Deep Learning-coupled Proximity Proteomics to Deconvolve Kinase Signaling In Vivo
Deep Learning-coupled Proximity Proteomics to Deconvolve Kinase Signaling In Vivo
Jha, K.; Shonai, D.; Parekh, A.; Uezu, A.; Fugiyama, T.; Yamamoto, H.; Parameswaran, P.; Yanagisawa, M.; Singh, R.; Soderling, S. H.

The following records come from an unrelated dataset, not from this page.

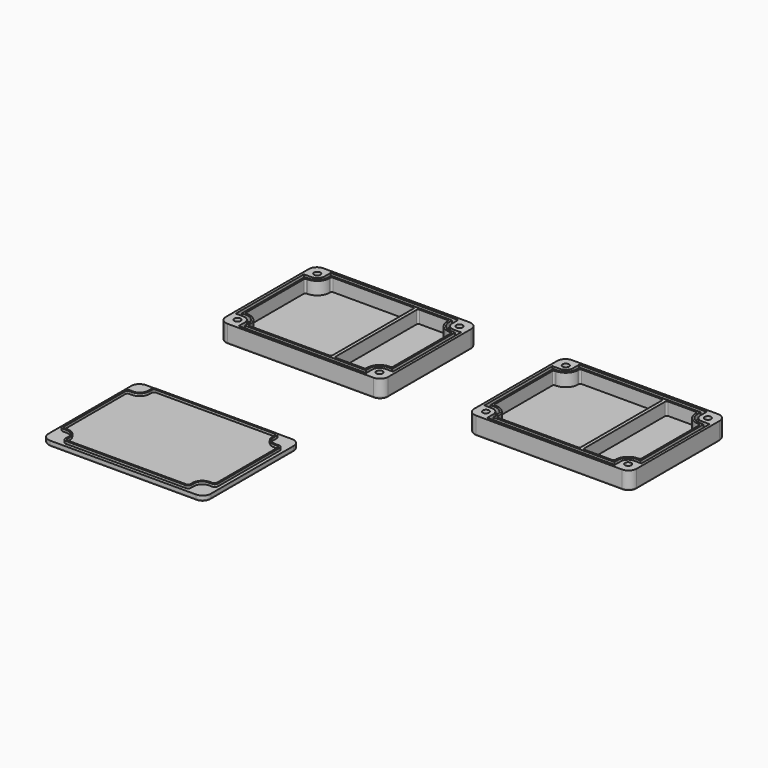
from build123d import *

# Parameters (mm, degrees)
F0_R      = 1.95
F1_DEPTH  = 11
F2_DEPTH  = 8
F3_DEPTH  = 3.2
F4_R      = 1.25
F5_DEPTH  = 3.2
F4_W      = 2
F4_H      = 66.4
F6_DEPTH  = 4.7
F4_R_2    = 2.75
F7_DEPTH  = 3.2
F8_DEPTH  = 3.2
F9_DEPTH  = 3.2
F10_R     = 1
F10_2_R   = 1
F12_R     = 3.65
F12_R_2   = 1.95
F13_DEPTH = 3.7
F17_DEPTH = 1.5
F18_DEPTH = 1.5
F19_R     = 2


# Not quite as in the source:
# - two fillets or chamfers of one size are made in one step


with BuildPart() as f1:
    # F0 (on Top) → F1 (new body)
    with BuildSketch(Plane.XY):
        with BuildLine():
            Line((56.8, 36.8), (-32.8, 36.8))
            ThreePointArc((-32.8, 36.8), (-36.3355339059, 35.3355339059), (-37.8, 31.8))
            Line((-37.8, 31.8), (-37.8, -31.8))
            ThreePointArc((-37.8, -31.8), (-36.3355339059, -35.3355339059), (-32.8, -36.8))
            Line((-32.8, -36.8), (56.8, -36.8))
            ThreePointArc((56.8, -36.8), (60.3355339059, -35.3355339059), (61.8, -31.8))
            Line((61.8, -31.8), (61.8, 31.8))
            ThreePointArc((61.8, 31.8), (60.3355339059, 35.3355339059), (56.8, 36.8))
        make_face()
        with Locations((-31.6, -30.6)):
            Circle(F0_R, mode=Mode.SUBTRACT)
        with Locations((55.6, -30.6)):
            Circle(F0_R, mode=Mode.SUBTRACT)
        with BuildLine():
            Line((51.1, -35.2), (-27.1, -35.2))
            Line((-27.1, -35.2), (-27.1, -30.6))
            ThreePointArc((-27.1, -30.6), (-28.4180194847, -27.4180194847), (-31.6, -26.1))
            Line((-31.6, -26.1), (-36.2, -26.1))
            Line((-36.2, -26.1), (-36.2, 26.1))
            Line((-36.2, 26.1), (-31.6, 26.1))
            ThreePointArc((-31.6, 26.1), (-28.4180194847, 27.4180194847), (-27.1, 30.6))
            Line((-27.1, 30.6), (-27.1, 35.2))
            Line((-27.1, 35.2), (51.1, 35.2))
            Line((51.1, 35.2), (51.1, 30.6))
            ThreePointArc((51.1, 30.6), (52.4180194847, 27.4180194847), (55.6, 26.1))
            Line((55.6, 26.1), (60.2, 26.1))
            Line((60.2, 26.1), (60.2, -26.1))
            Line((60.2, -26.1), (55.6, -26.1))
            ThreePointArc((55.6, -26.1), (52.4180194847, -27.4180194847), (51.1, -30.6))
            Line((51.1, -30.6), (51.1, -35.2))
        make_face(mode=Mode.SUBTRACT)
        with Locations((-31.6, 30.6)):
            Circle(F0_R, mode=Mode.SUBTRACT)
        with Locations((55.6, 30.6)):
            Circle(F0_R, mode=Mode.SUBTRACT)
    extrude(amount=F1_DEPTH)



with BuildPart() as f1b:
    # F0 (on Top) → F1, piece 2 (new body)
    with BuildSketch(Plane.XY):
        with BuildLine():
            Line((49.1, 33.1), (-25.1, 33.1))
            Line((-25.1, 33.1), (-25.1, 30.6))
            ThreePointArc((-25.1, 30.6), (-27.0038059223, 26.0038059223), (-31.6, 24.1))
            Line((-31.6, 24.1), (-34.1, 24.1))
            Line((-34.1, 24.1), (-34.1, -24.1))
            Line((-34.1, -24.1), (-31.6, -24.1))
            ThreePointArc((-31.6, -24.1), (-27.0038059223, -26.0038059223), (-25.1, -30.6))
            Line((-25.1, -30.6), (-25.1, -33.1))
            Line((-25.1, -33.1), (49.1, -33.1))
            Line((49.1, -33.1), (49.1, -30.6))
            ThreePointArc((49.1, -30.6), (51.0038059223, -26.0038059223), (55.6, -24.1))
            Line((55.6, -24.1), (58.1, -24.1))
            Line((58.1, -24.1), (58.1, 24.1))
            Line((58.1, 24.1), (55.6, 24.1))
            ThreePointArc((55.6, 24.1), (51.0038059223, 26.0038059223), (49.1, 30.6))
            Line((49.1, 30.6), (49.1, 33.1))
        make_face()
        with BuildLine():
            Line((-24, 30.6), (-24, 32))
            Line((-24, 32), (27, 32))
            Line((27, 32), (27, -32))
            Line((27, -32), (-24, -32))
            Line((-24, -32), (-24, -30.6))
            ThreePointArc((-24, -30.6), (-26.225988463, -25.225988463), (-31.6, -23))
            Line((-31.6, -23), (-33, -23))
            Line((-33, -23), (-33, 23))
            Line((-33, 23), (-31.6, 23))
            ThreePointArc((-31.6, 23), (-26.225988463, 25.225988463), (-24, 30.6))
        make_face(mode=Mode.SUBTRACT)
        with BuildLine():
            Line((55.6, 23), (57, 23))
            Line((57, 23), (57, -23))
            Line((57, -23), (55.6, -23))
            ThreePointArc((55.6, -23), (50.225988463, -25.225988463), (48, -30.6))
            Line((48, -30.6), (48, -32))
            Line((48, -32), (29, -32))
            Line((29, -32), (29, 32))
            Line((29, 32), (48, 32))
            Line((48, 32), (48, 30.6))
            ThreePointArc((48, 30.6), (50.225988463, 25.225988463), (55.6, 23))
        make_face(mode=Mode.SUBTRACT)
    extrude(amount=F1_DEPTH)


with BuildPart() as f1_1:
    add(f1.part)

    add(f1b.part)  # F2 merges F1b
    # F0 (on Top) → F2 (join)
    with BuildSketch(Plane.XY):
        with BuildLine():
            Line((-27.1, -30.6), (-27.1, -35.2))
            Line((-27.1, -35.2), (51.1, -35.2))
            Line((51.1, -35.2), (51.1, -30.6))
            ThreePointArc((51.1, -30.6), (52.4180194847, -27.4180194847), (55.6, -26.1))
            Line((55.6, -26.1), (60.2, -26.1))
            Line((60.2, -26.1), (60.2, 26.1))
            Line((60.2, 26.1), (55.6, 26.1))
            ThreePointArc((55.6, 26.1), (52.4180194847, 27.4180194847), (51.1, 30.6))
            Line((51.1, 30.6), (51.1, 35.2))
            Line((51.1, 35.2), (-27.1, 35.2))
            Line((-27.1, 35.2), (-27.1, 30.6))
            ThreePointArc((-27.1, 30.6), (-28.4180194847, 27.4180194847), (-31.6, 26.1))
            Line((-31.6, 26.1), (-36.2, 26.1))
            Line((-36.2, 26.1), (-36.2, -26.1))
            Line((-36.2, -26.1), (-31.6, -26.1))
            ThreePointArc((-31.6, -26.1), (-28.4180194847, -27.4180194847), (-27.1, -30.6))
        make_face()
        with BuildLine():
            Line((-25.1, 30.6), (-25.1, 33.1))
            Line((-25.1, 33.1), (49.1, 33.1))
            Line((49.1, 33.1), (49.1, 30.6))
            ThreePointArc((49.1, 30.6), (51.0038059223, 26.0038059223), (55.6, 24.1))
            Line((55.6, 24.1), (58.1, 24.1))
            Line((58.1, 24.1), (58.1, -24.1))
            Line((58.1, -24.1), (55.6, -24.1))
            ThreePointArc((55.6, -24.1), (51.0038059223, -26.0038059223), (49.1, -30.6))
            Line((49.1, -30.6), (49.1, -33.1))
            Line((49.1, -33.1), (-25.1, -33.1))
            Line((-25.1, -33.1), (-25.1, -30.6))
            ThreePointArc((-25.1, -30.6), (-27.0038059223, -26.0038059223), (-31.6, -24.1))
            Line((-31.6, -24.1), (-34.1, -24.1))
            Line((-34.1, -24.1), (-34.1, 24.1))
            Line((-34.1, 24.1), (-31.6, 24.1))
            ThreePointArc((-31.6, 24.1), (-27.0038059223, 26.0038059223), (-25.1, 30.6))
        make_face(mode=Mode.SUBTRACT)
    extrude(amount=F2_DEPTH)

    # F0 (on Top) → F3 (join)
    with BuildSketch(Plane.XY):
        with BuildLine():
            Line((57, -23), (57, 23))
            Line((57, 23), (55.6, 23))
            ThreePointArc((55.6, 23), (50.225988463, 25.225988463), (48, 30.6))
            Line((48, 30.6), (48, 32))
            Line((48, 32), (29, 32))
            Line((29, 32), (29, -32))
            Line((29, -32), (48, -32))
            Line((48, -32), (48, -30.6))
            ThreePointArc((48, -30.6), (50.225988463, -25.225988463), (55.6, -23))
            Line((55.6, -23), (57, -23))
        make_face()
        with BuildLine():
            Line((27, 32), (-24, 32))
            Line((-24, 32), (-24, 30.6))
            ThreePointArc((-24, 30.6), (-26.225988463, 25.225988463), (-31.6, 23))
            Line((-31.6, 23), (-33, 23))
            Line((-33, 23), (-33, -23))
            Line((-33, -23), (-31.6, -23))
            ThreePointArc((-31.6, -23), (-26.225988463, -25.225988463), (-24, -30.6))
            Line((-24, -30.6), (-24, -32))
            Line((-24, -32), (27, -32))
            Line((27, -32), (27, 32))
        make_face()
    extrude(amount=F3_DEPTH)

    # F10#2
    f10_2_edges = [f1_1.edges().sort_by_distance(p)[0] for p in [
        (-24, 32, 7.1),
        (27, 32, 7.1),
        (27, -32, 7.1),
        (-24, -32, 7.1),
        (-33, -23, 7.1),
        (-33, 23, 7.1),
        (57, 23, 7.1),
        (57, -23, 7.1),
        (48, -32, 7.1),
        (29, -32, 7.1),
        (29, 32, 7.1),
        (48, 32, 7.1),
        (12, 36.8, 0),
        (-36.335534, 35.335534, 0),
        (-37.8, 0, 0),
        (-36.335534, -35.335534, 0),
        (12, -36.8, 0),
        (60.335534, -35.335534, 0),
        (61.8, 0, 0),
        (60.335534, 35.335534, 0),
    ]]
    fillet(f10_2_edges, radius=F10_2_R)

    # F12 (on face) → F13 (cut)
    with BuildSketch(Plane(origin=(0, 0, 0), x_dir=(1, 0, 0), z_dir=(0, 0, -1))):
        with Locations((55.6, -30.6)):
            Circle(F12_R)
        with Locations((55.6, -30.6)):
            Circle(F12_R_2, mode=Mode.SUBTRACT)
        with Locations((55.6, 30.6)):
            Circle(F12_R)
        with Locations((55.6, 30.6)):
            Circle(F12_R_2, mode=Mode.SUBTRACT)
        with Locations((-31.6, -30.6)):
            Circle(F12_R)
        with Locations((-31.6, -30.6)):
            Circle(F12_R_2, mode=Mode.SUBTRACT)
        with Locations((-31.6, 30.6)):
            Circle(F12_R)
        with Locations((-31.6, 30.6)):
            Circle(F12_R_2, mode=Mode.SUBTRACT)
    extrude(amount=-F13_DEPTH, mode=Mode.SUBTRACT)


with BuildPart() as f5:
    # F4 (on Top) → F5 (new body)
    with BuildSketch(Plane.XY):
        with BuildLine():
            Line((56.8, -99.2), (-32.8, -99.2))
            ThreePointArc((-32.8, -99.2), (-36.3355339059, -100.6644660941), (-37.8, -104.2))
            Line((-37.8, -104.2), (-37.8, -167.8))
            ThreePointArc((-37.8, -167.8), (-36.3355339059, -171.3355339059), (-32.8, -172.8))
            Line((-32.8, -172.8), (56.8, -172.8))
            ThreePointArc((56.8, -172.8), (60.3355339059, -171.3355339059), (61.8, -167.8))
            Line((61.8, -167.8), (61.8, -104.2))
            ThreePointArc((61.8, -104.2), (60.3355339059, -100.6644660941), (56.8, -99.2))
        make_face()
        with Locations((-31.6, -166.6)):
            Circle(F4_R, mode=Mode.SUBTRACT)
        with Locations((55.6, -166.6)):
            Circle(F4_R, mode=Mode.SUBTRACT)
        with BuildLine():
            Line((-27, -105.4), (-27, -100.9))
            Line((-27, -100.9), (51, -100.9))
            Line((51, -100.9), (51.0491758988, -100.9))
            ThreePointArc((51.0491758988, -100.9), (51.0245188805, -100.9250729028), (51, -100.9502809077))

AbstractDeconvolving the substrates of hundreds of kinases linked to phosphorylation networks driving cellular behavior is a fundamental, unresolved biological challenge, largely due to the poorly understood interplay of kinase selectivity and substrate proximity. We introduce KolossuS, a deep learning framework leveraging protein language models to decode kinase-substrate specificity. KolossuS achieves superior prediction accuracy and sensitivity across mammalian kinomes, enabling proteome-wide predictions and evolutionary insights. By integrating KolossuS with CRISPR-based proximity proteomics in vivo, we capture kinase-substrate recognition and spatial context, obviating prior limitations. We show this combined framework identifies kinase substrates associated with physiological states such as sleep, revealing both known and novel Sik3 substrates during sleep deprivation. This novel integrated computational-experimental approach promises to transform systematic investigations of kinase signaling in health and disease.